I would try and show you the desired output but in all honesty the caret::groupKFold functions output confuses me so hopefully the above description will suffice. Happy to try and clarify though!
Here is one way you could create the desired partition using tidyverse
df %>%
mutate(id = row_number()) %>% #create a column called id which will hold the row numbers
filter(Time > 15) %>% #subset data frame according to your description
split(.$id) %>% #split the data frame into lists by id (row number)

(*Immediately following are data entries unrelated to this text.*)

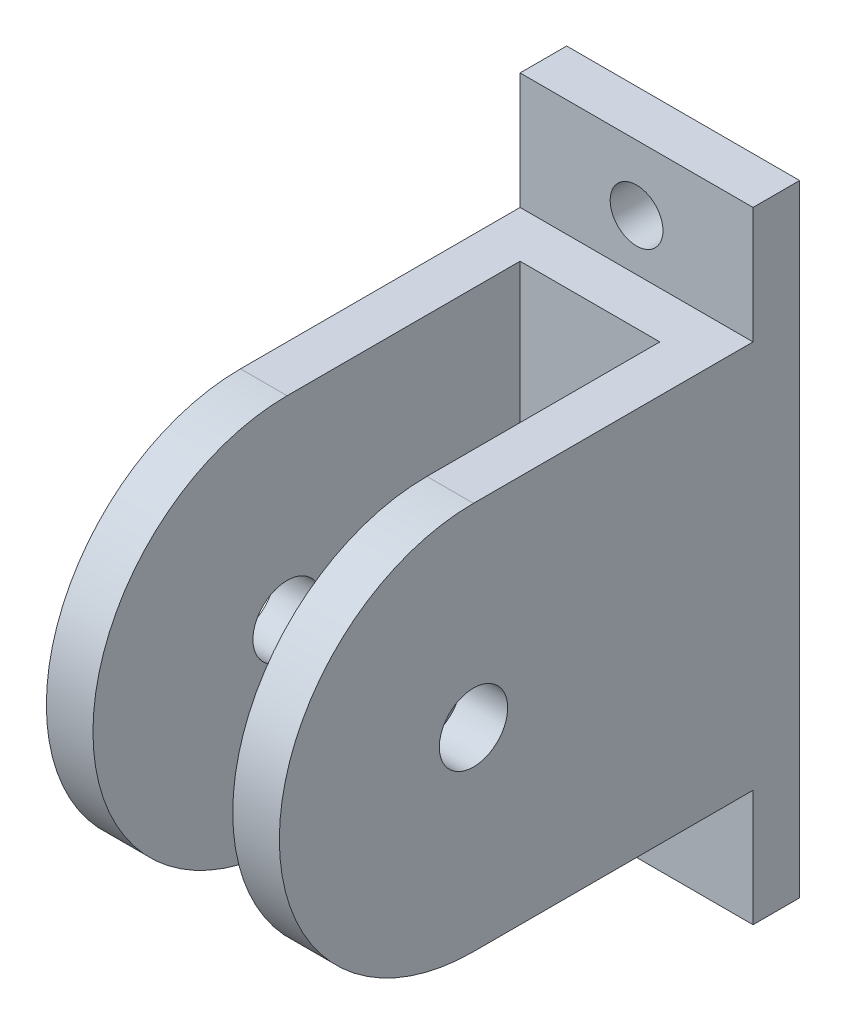
from build123d import *

# Parameters (mm, degrees)
SCHIZZO1_W                    = 15
SCHIZZO1_H                    = 40
ESTRUSIONE_ESTRUSIONE1_DEPTH  = 3
SCHIZZO2_W                    = 15
SCHIZZO2_H                    = 25
ESTRUSIONE_ESTRUSIONE2_DEPTH  = 3
ESTRUSIONE_ESTRUSIONE4_DEPTH  = 3
ESTRUSIONE_ESTRUSIONE5_START  = -3
ESTRUSIONE_ESTRUSIONE5_DEPTH  = 3
TAGLIO_ESTRUSIONE1_DEPTH      = 42.800119617
TAGLIO_ESTRUSIONE1_DEPTH_BACK = 42.800119617
SCHIZZO7_R                    = 2.2
SCHIZZO9_R                    = 1.7
TAGLIO_ESTRUSIONE2_DEPTH      = 7


with BuildPart() as part:
    # Schizzo1 → Estrusione-Estrusione1 (new body)
    with BuildSketch(Plane.XY):
        with Locations((-2.5, 0)):
            Rectangle(SCHIZZO1_W, SCHIZZO1_H)
    extrude(amount=ESTRUSIONE_ESTRUSIONE1_DEPTH)

    # Schizzo2 → Estrusione-Estrusione2 (add)
    with BuildSketch(Plane.XY.offset(3)):
        with Locations((-2.5, 0)):
            Rectangle(SCHIZZO2_W, SCHIZZO2_H)
    extrude(amount=ESTRUSIONE_ESTRUSIONE2_DEPTH)

    # Schizzo5 → Estrusione-Estrusione4 (add)
    with BuildSketch(Plane.ZY.offset(10)):
        with BuildLine():
            Line((6, 12.5), (21, 12.5))
            ThreePointArc((21, 12.5), (33.5, 0), (21, -12.5))
            Line((21, -12.5), (6, -12.5))
            Line((6, -12.5), (6, 12.5))
        make_face()
    extrude(amount=-ESTRUSIONE_ESTRUSIONE4_DEPTH)

    # Schizzo6 → Estrusione-Estrusione5 (add)
    with BuildSketch(Plane(origin=(5, 0, 0), x_dir=(0, 0, -1), z_dir=(1, 0, 0)).offset(ESTRUSIONE_ESTRUSIONE5_START)):
        with BuildLine():
            Line((-6, -12.5), (-6, 12.5))
            Line((-6, 12.5), (-21, 12.5))
            ThreePointArc((-21, 12.5), (-33.5, 0), (-21, -12.5))
            Line((-21, -12.5), (-6, -12.5))
        make_face()
    extrude(amount=ESTRUSIONE_ESTRUSIONE5_DEPTH)

    # Schizzo7 → Taglio-Estrusione1 (cut, two sides: drawn at the far end of the back side and taken through both)
    with BuildSketch(Plane.ZY.offset(10).offset(-TAGLIO_ESTRUSIONE1_DEPTH_BACK)):
        with Locations(Location((21, 0, 0), (0, 0, 270))):
            Circle(SCHIZZO7_R)
    extrude(amount=TAGLIO_ESTRUSIONE1_DEPTH + TAGLIO_ESTRUSIONE1_DEPTH_BACK, mode=Mode.SUBTRACT)

    # Schizzo9 → Taglio-Estrusione2 (cut)
    with BuildSketch(Plane(origin=(0, 0, 0), x_dir=(-1, 0, 0), z_dir=(0, 0, -1))):
        with Locations((2.5, 15.8)):
            Circle(SCHIZZO9_R)
        with Locations(Location((2.5, -15.8, 0), (0, 0, 180))):
            Circle(SCHIZZO9_R)
    extrude(amount=-TAGLIO_ESTRUSIONE2_DEPTH, mode=Mode.SUBTRACT)


solid = part.part

map(~ .x %>% select(id) %>% #clean up so it works with indexOut argument in trainControl
unlist %>%
unname) -> folds_cv
EDIT: it seems indexOut
argument does not perform as expected, but the index
argument does so after making folds_cv
one can just get the inverse using setdiff
folds_cv <- lapply(folds_cv, function(x) setdiff(1:nrow(df), x))
and now:
test_control <- trainControl(index = folds_cv,
savePredictions = "final")
quad.lm2 <- train(Time ~ Effect,
data = df,
method = "lm",
trControl = test_control)
with a warning:
Warning message:
In nominalTrainWorkflow(x = x, y = y, wts = weights, info = trainInfo, :
There were missing values in resampled performance measures.
> quad.lm2
Linear Regression
200 samples
1 predictor
No pre-processing
Resampling: Bootstrapped (50 reps)
Summary of sample sizes: 199, 199, 199, 199, 199, 199, ...
Resampling results:
RMSE Rsquared MAE
3.552714e-16 NaN 3.552714e-16
Tuning parameter 'intercept' was held constant at a value of TRUE
so each re-sample used 199 rows and predicted on 1, repeating for all 50 rows which we wanted to hold out at a time. This can be verified in:
Why Rsquared
is missing I am not sure I will dig a bit deeper.